From “Puella Mea” [Through the young and awkward hours]
Through the young and awkward hours
my lady perfectly moving,
through the new world scarce astir
my fragile lady wandering
in whose perishable poise
is the mystery of Spring
(with her beauty more than snow
dexterous and fugitive
my very frail lady drifting
distinctly, moving like a myth
in the uncertain morning, with
April feet like sudden flowers
This poem is in the public domain. Published in Poem-a-Day on January 10, 2026, by the Academy of American Poets.

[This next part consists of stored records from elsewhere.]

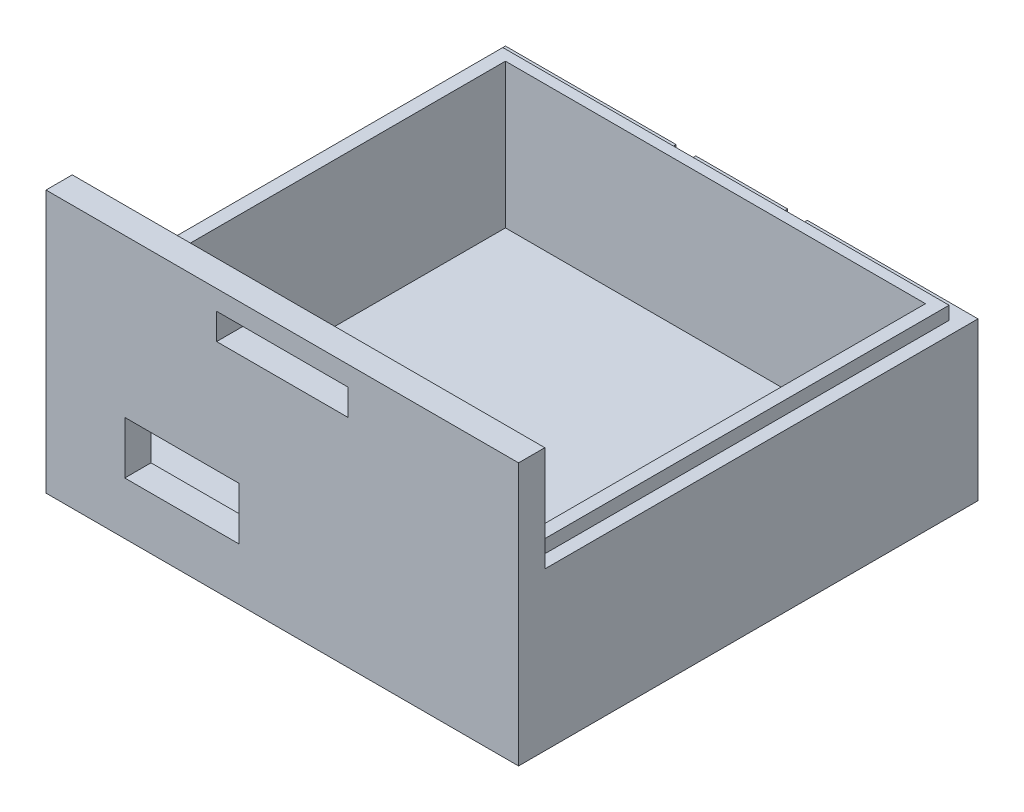
SolidWorks part; units mm, degrees
ref_plane "Alzado" through (0, 0, 0) normal (0, 0, 1) x (1, 0, 0)
ref_plane "Planta" through (0, 0, 0) normal (0, 1, 0) x (1, 0, 0)
ref_plane "Vista lateral" through (0, 0, 0) normal (1, 0, 0) x (0, 0, -1)
sketch "Croquis1" plane through (0, 0, 0) normal (0, 1, 0) x (1, 0, 0)
  line L1 (-18, -17.5) -> (18, -17.5)
  line L2 (-18, -17.5) -> (-18, 17.5)
  line L3 (-18, 17.5) -> (18, 17.5)
  line L4 (18, -17.5) -> (18, 17.5)
  line L5 (-18, -17.5) -> (18, 17.5) construction
  line L6 (-18, 17.5) -> (18, -17.5) construction
  point P0 (0, 0)
  dimension "D1" = 36
  dimension "D2" = 35
extrude "Saliente-Extruir1" add sketch "Croquis1" along normal blind 20
sketch "Croquis2" plane through (0, 20, 0) normal (0, 1, 0) x (1, 0, 0)
  line L1 (-18, -15.5) -> (18, -15.5)
  line L2 (-18, 17.5) -> (-18, -17.5) construction
  line L3 (18, -17.5) -> (18, 17.5) construction
  line L4 (18, -15.5) -> (18, 17.5)
  line L5 (18, 17.5) -> (-18, 17.5)
  line L6 (-18, 17.5) -> (-18, -15.5)
  line L8 (-18, -17.5) -> (18, -17.5) construction
  dimension "D1" = 2
extrude "Cortar-Extruir1" cut sketch "Croquis2" against normal blind 7
sketch "Croquis3" plane through (0, 13, 0) normal (0, 1, 0) x (1, 0, 0)
  line L0 (-16, -15.5) -> (16, -15.5)
  line L1 (-18, -15.5) -> (18, -15.5) construction
  line L2 (-18, -15.5) -> (18, -15.5) construction
  line L3 (16, -15.5) -> (16, 15.5)
  line L4 (16, 15.5) -> (-16, 15.5)
  line L5 (-16, 15.5) -> (-16, -15.5)
  line L6 (-18, 17.5) -> (-18, -15.5) construction
  line L7 (18, 17.5) -> (-18, 17.5) construction
  line L8 (18, -15.5) -> (18, 17.5) construction
  dimension "D1" = 2
  dimension "D2" = 2
  dimension "D3" = 2
extrude "Cortar-Extruir2" cut sketch "Croquis3" against normal blind 11
sketch "Croquis4" plane through (0, 0, 17.5) normal (0, 0, 1) x (1, 0, 0)
  line L1 (-12, 4) -> (-3.3, 4)
  line L2 (-12, 4) -> (-12, 8)
  line L3 (-12, 8) -> (-3.3, 8)
  line L4 (-3.3, 4) -> (-3.3, 8)
  line L5 (-12, 4) -> (-3.3, 8) construction
  line L6 (-12, 8) -> (-3.3, 4) construction
  line L7 (-18, 0) -> (18, 0) construction
  line L8 (-18, 20) -> (-18, 0) construction
  point P0 (-7.65, 6)
  dimension "D1" = 8.7
  dimension "D2" = 6
  dimension "D3" = 8
  dimension "D4" = 4
extrude "Cortar-Extruir3" cut sketch "Croquis4" against normal up to next
sketch "Croquis5" plane through (0, 0, 17.5) normal (0, 0, 1) x (1, 0, 0)
  line L0 (-18, 20) -> (18, 20) construction
  line L1 (-5, 17.5) -> (5, 17.5)
  line L2 (-5, 17.5) -> (-5, 16.5)
  line L3 (-5, 16.5) -> (5, 16.5)
  line L4 (5, 17.5) -> (5, 16.5)
  line L5 (-5, 17.5) -> (5, 16.5) construction
  line L6 (-5, 16.5) -> (5, 17.5) construction
  point P0 (0, 17)
  point P7 (0, 0)
  dimension "D1" = 2.5
  dimension "D2" = 10
  dimension "D3" = 1
extrude "Cortar-Extruir4" cut sketch "Croquis5" against normal up to next
sketch "Croquis6" plane through (0, 0, 17.5) normal (0, 0, 1) x (1, 0, 0)
  line L0 (5, 17.5) -> (-5, 17.5) construction
  line L1 (-5, 18.5) -> (5, 18.5)
  line L2 (-5, 18.5) -> (-5, 17.5)
  line L3 (-5, 17.5) -> (5, 17.5)
  line L4 (5, 18.5) -> (5, 17.5)
  line L5 (-5, 18.5) -> (5, 17.5) construction
  line L6 (-5, 17.5) -> (5, 18.5) construction
  line L7 (-5, 17.5) -> (-5, 16.5) construction
  line L8 (5, 16.5) -> (5, 17.5) construction
  point P0 (0, 18)
  dimension "D1" = 1
extrude "Cortar-Extruir5" cut sketch "Croquis6" against normal blind 1
sketch "Croquis7" plane through (0, 13, 0) normal (0, 1, 0) x (1, 0, 0)
  line L0 (-18, -15.5) -> (-17, -15.5)
  line L1 (-18, -15.5) -> (-16, -15.5) construction
  line L2 (-17, -15.5) -> (-17, 16.3)
  line L3 (-17, 16.3) -> (17, 16.3)
  line L4 (17, 16.3) -> (17, -15.5)
  line L5 (16, -15.5) -> (18, -15.5) construction
  line L6 (17, -15.5) -> (18, -15.5)
  line L7 (18, -15.5) -> (18, 17.5)
  line L8 (18, 17.5) -> (-18, 17.5)
  line L9 (-18, 17.5) -> (-18, -15.5)
  dimension "D1" = 1.2
extrude "Cortar-Extruir6" cut sketch "Croquis7" against normal blind 1
sketch "Croquis8" plane through (0, 0, -17.5) normal (0, 0, -1) x (-1, 0, 0)
  line L0 (-5, 12) -> (-5, 7)
  line L1 (-18, 12) -> (18, 12) construction
  line L2 (-5, 7) -> (5, 7)
  line L3 (5, 7) -> (5, 12)
  line L4 (17, 12) -> (-17, 12) construction
  line L5 (5, 12) -> (3.5, 12)
  line L6 (3.5, 12) -> (3.5, 9)
  line L7 (3.5, 9) -> (-3.5, 9)
  line L8 (-3.5, 9) -> (-3.5, 12)
  line L9 (-3.5, 12) -> (-5, 12)
  point P12 (0, 9)
  point P13 (0, 7)
  dimension "D1" = 10
  dimension "D2" = 7
  dimension "D3" = 2
  dimension "D4" = 5
extrude "Cortar-Extruir7" cut sketch "Croquis8" against normal up to surface (1.2 mm away) up to face at (0, 12.5, -16.3)

[Through the young and awkward hours] is a brief section of E. E. Cummings’s longest poem, Puella Mea (The Golden Eagle Press, 1923), inspired by his affair with Elaine Thayer, the wife of his friend and publisher, Scofield Thayer. In correspondence sent to the latter Thayer, Cummings wrote, “i have been like Hel working, like sissyphus of stone fame, upon the greatest Chanson d’Amour of the Centuries. it is called PUELLA MEA.” About the poem, biographer and poet Christopher Sawyer-Lauçanno writes in his book, E. E. Cummings: A Biography (Sourcebooks, 2004), “Unabashed, excessive, exuberant, tender, and florid, the irregularly rhymed poem celebrates his ‘darling girl’ or ‘puella mea’ in both a conventional and unconventional manner.” He continues, “[T]he form and formula of ‘Puella Mea’ are frequently overwhelmed by lush, fresh images unique to Cummings.”